Занимая позицию наблюдателя, он тем самым говорит читателю, что не является всезнающим автором. Автор снимает с себя полномочия создателя произведения. Вот, например, финальная ремарка из пьесы 1984 г. «Как достать два билета на Лебединое озеро»: «Да. Нина все-таки пошла с Игорем в театр. Почему? Да кто его знает» [117]. Из этой небольшой ремарки затем вырастет фигура наблюдателя, который будет все больше давать знать о себе. Из зачаточного состояния в ранних пьесах фигура автора перерастет во всеобъемлющую в поздних, где будет сильно субъективное авторское начало.

В целом, заметно, что автор стремится показать, что он знает не больше читателя, что ему самому приходится наблюдать события и фиксировать их такими, какие они есть. Налицо стремление к тождественности авторского и читательского взглядов. Автор всеми доступными ему средствами говорит о том, что он является непосредственным свидетелем рассказываемых им событий. Это, в свою очередь, должно создать у читателя впечатление, что события, описываемые автором, являются фактами реальной действительности, а произведение, соответственно, документальным.

Каталог как средство фиксации языковой действительности

Используя средства документалистики, автор пытается сказать нам, что все изображенное им – правда. Есть несколько простых и достаточно очевидных приемов. Например, обращение к быту, к понятным проблемам и языку, что делает описываемое знакомым, а значит, отчасти, более реалистичным. Эффект документальности достигается псевдоориентацией на обывателя, на неподготовленного читателя. Понятность тематики, ситуаций, проблематики – это в понимании обывателя литературно, «жизненно», и, соответственно, это «искусство» (как в жизни). Неслучайно язык персонажей и автора предельно упрощен – он понятнее и натуральнее. Такая псевдоориентация – лишь один из пластов постмодернистского текста Коляды (здесь он выступает именно как последовательный постмодернист, угождая каждому). Для подготовленного читателя вся информация спрятана под простецким одеянием этих пьес.

Вот что говорит на этот счет сам Н. Коляда: «Я беру какую-то ситуацию, о которой я еще не писал. Ситуацию, которая знакома и понятна любому: свадьба, похороны, проводы в армию, и еще черт знает что» [84]. Работает на «документальность» и выбор в качестве героя произведения самого простого человека: «Мне всегда были интересны люди, в жизни которых ничего не происходит. Так называемые “скучные люди”. Попробуйте на протяжении пятидесяти лет вставать в семь утра, к восьми приходить на работу, в шесть возвращаться домой, выпивать бутылку пива, смотреть телевизор, ложиться спать. Прожить такую жизнь… Мне всегда интересно, что держит этих людей на поверхности, о чем они думают, о чем мечтают» – эти слова режиссера М. Разбежкиной [280] как нельзя лучше описывают героев Н. Коляды. Обоих художников роднит нахождение прелести и значительности в самой обычной жизни, просто потому что это – реальная жизнь. Такой герой будет близок и понятен большинству людей.
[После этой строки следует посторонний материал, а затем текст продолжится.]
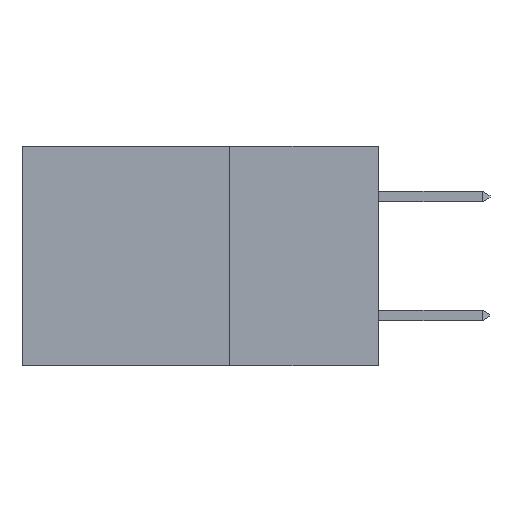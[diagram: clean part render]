
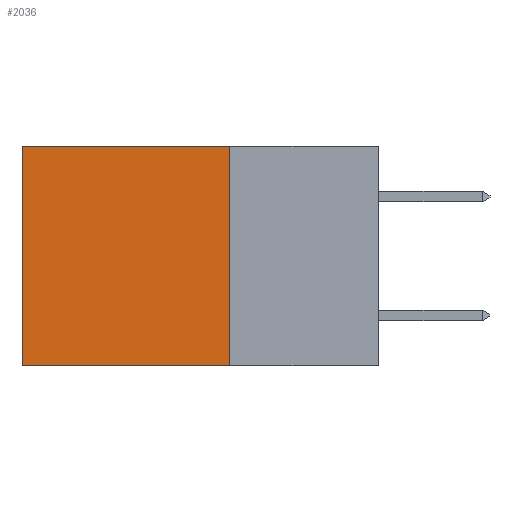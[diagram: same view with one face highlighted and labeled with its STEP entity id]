
A CAD part, left-side view. The second image highlights one B-rep face of the part: STEP entity #2036.
In plain terms, the highlighted planar face has unit normal (-1, 0, 0).
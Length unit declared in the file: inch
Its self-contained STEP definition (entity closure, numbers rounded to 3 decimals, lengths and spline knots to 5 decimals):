
#387 = ORIENTED_EDGE ( 'NONE', *, *, #4962, .F. ) ;
#529 = VERTEX_POINT ( 'NONE', #4284 ) ;
#2036 = ADVANCED_FACE ( 'NONE', ( #8737 ), #12635, .F. ) ;
#2436 = VERTEX_POINT ( 'NONE', #16351 ) ;
#2521 = VERTEX_POINT ( 'NONE', #9163 ) ;
#2641 = CARTESIAN_POINT ( 'NONE',  ( 0.298, 0.25, -0.37 ) ) ;
#4024 = DIRECTION ( 'NONE',  ( 0., 1., 0. ) ) ;
#4205 = ORIENTED_EDGE ( 'NONE', *, *, #14061, .F. ) ;
#4284 = CARTESIAN_POINT ( 'NONE',  ( 0.298, 0.6, -0.37 ) ) ;
#4539 = EDGE_CURVE ( 'NONE', #2436, #2521, #15977, .T. ) ;
#4962 = EDGE_CURVE ( 'NONE', #9433, #529, #6015, .T. ) ;
#4975 = DIRECTION ( 'NONE',  ( 0., 0., -1. ) ) ;
#5769 = LINE ( 'NONE', #14474, #8996 ) ;
#6015 = LINE ( 'NONE', #2641, #12877 ) ;
#7428 = ORIENTED_EDGE ( 'NONE', *, *, #15035, .T. ) ;
#8290 = AXIS2_PLACEMENT_3D ( 'NONE', #11328, #12615, #12612 ) ;
#8737 = FACE_OUTER_BOUND ( 'NONE', #14257, .T. ) ;
#8996 = VECTOR ( 'NONE', #4975, 39.37008 ) ;
#9163 = CARTESIAN_POINT ( 'NONE',  ( 0.298, 0.6, 0. ) ) ;
#9433 = VERTEX_POINT ( 'NONE', #9887 ) ;
#9887 = CARTESIAN_POINT ( 'NONE',  ( 0.298, 0.25, -0.37 ) ) ;
#10676 = DIRECTION ( 'NONE',  ( 0., 0., -1. ) ) ;
#11328 = CARTESIAN_POINT ( 'NONE',  ( 0.298, 0.25, 0. ) ) ;
#11464 = ORIENTED_EDGE ( 'NONE', *, *, #4539, .T. ) ;
#12456 = VECTOR ( 'NONE', #16496, 39.37008 ) ;
#12569 = VECTOR ( 'NONE', #10676, 39.37008 ) ;
#12612 = DIRECTION ( 'NONE',  ( 0., 0., -1. ) ) ;
#12615 = DIRECTION ( 'NONE',  ( 1., 0., 0. ) ) ;
#12635 = PLANE ( 'NONE',  #8290 ) ;
#12877 = VECTOR ( 'NONE', #4024, 39.37008 ) ;
#14061 = EDGE_CURVE ( 'NONE', #2436, #9433, #5769, .T. ) ;
#14257 = EDGE_LOOP ( 'NONE', ( #7428, #387, #4205, #11464 ) ) ;
#14474 = CARTESIAN_POINT ( 'NONE',  ( 0.298, 0.25, 0. ) ) ;
#15035 = EDGE_CURVE ( 'NONE', #2521, #529, #16091, .T. ) ;
#15192 = CARTESIAN_POINT ( 'NONE',  ( 0.298, 0.25, 0. ) ) ;
#15977 = LINE ( 'NONE', #15192, #12456 ) ;
#16091 = LINE ( 'NONE', #17295, #12569 ) ;
#16351 = CARTESIAN_POINT ( 'NONE',  ( 0.298, 0.25, 0. ) ) ;
#16496 = DIRECTION ( 'NONE',  ( 0., 1., 0. ) ) ;
#17295 = CARTESIAN_POINT ( 'NONE',  ( 0.298, 0.6, 0. ) ) ;

Помимо обращения к понятной тематике и обычному человеку, достоверности произведению добавляет и вписывание происходящего в реальный контекст: «Получая точную историческую прописку, банальнейший сюжет внезапно обретает если не напряжение, то вполне весомую убедительность» (А. Гусев, [56]). У Коляды практически всегда тонкая и подробная реконструкция (или воспроизведение) местности, места действия, поэтому и возникает иллюзия, что в реальном месте происходили (происходят) реальные события. В убедительно созданном мире и действия выглядят убедительнее: «Чтобы облегчить восприятие проделанной работы и поставленных задач, в игровом фильме часто выбирается в качестве темы историческая эпоха или современная проблема, по поводу которых уже существует некий общий дискурс. Фильм, таким образом, как бы подчиняется реальности, в то время как он всего лишь стремится сделать правдоподобным содержащийся в нем вымысел» [279, с. 82]. Это высказывание теоретиков кино можно понимать и шире, применительно к любому произведению искусства. Вымышленное выглядит более правдоподобным, если привязано к чему-то, в достоверности чего сомнений нет.

Основным же способом документализации произведений Н.В. Коляды становится обращение к документальным жанрам. Автор использует приемы, на которых строятся документальные произведения, чтобы сделать художественные произведения максимально похожими на документальные (т.е. на отражающие реальные факты). Коляда работает в эстетике документа, по-своему осмысляя заимствуемые приемы. Для него документальность – это эстетическая система. Документальность становится приобретенным свойством произведения, результатом воздействия на читателя суммы художественных приемов.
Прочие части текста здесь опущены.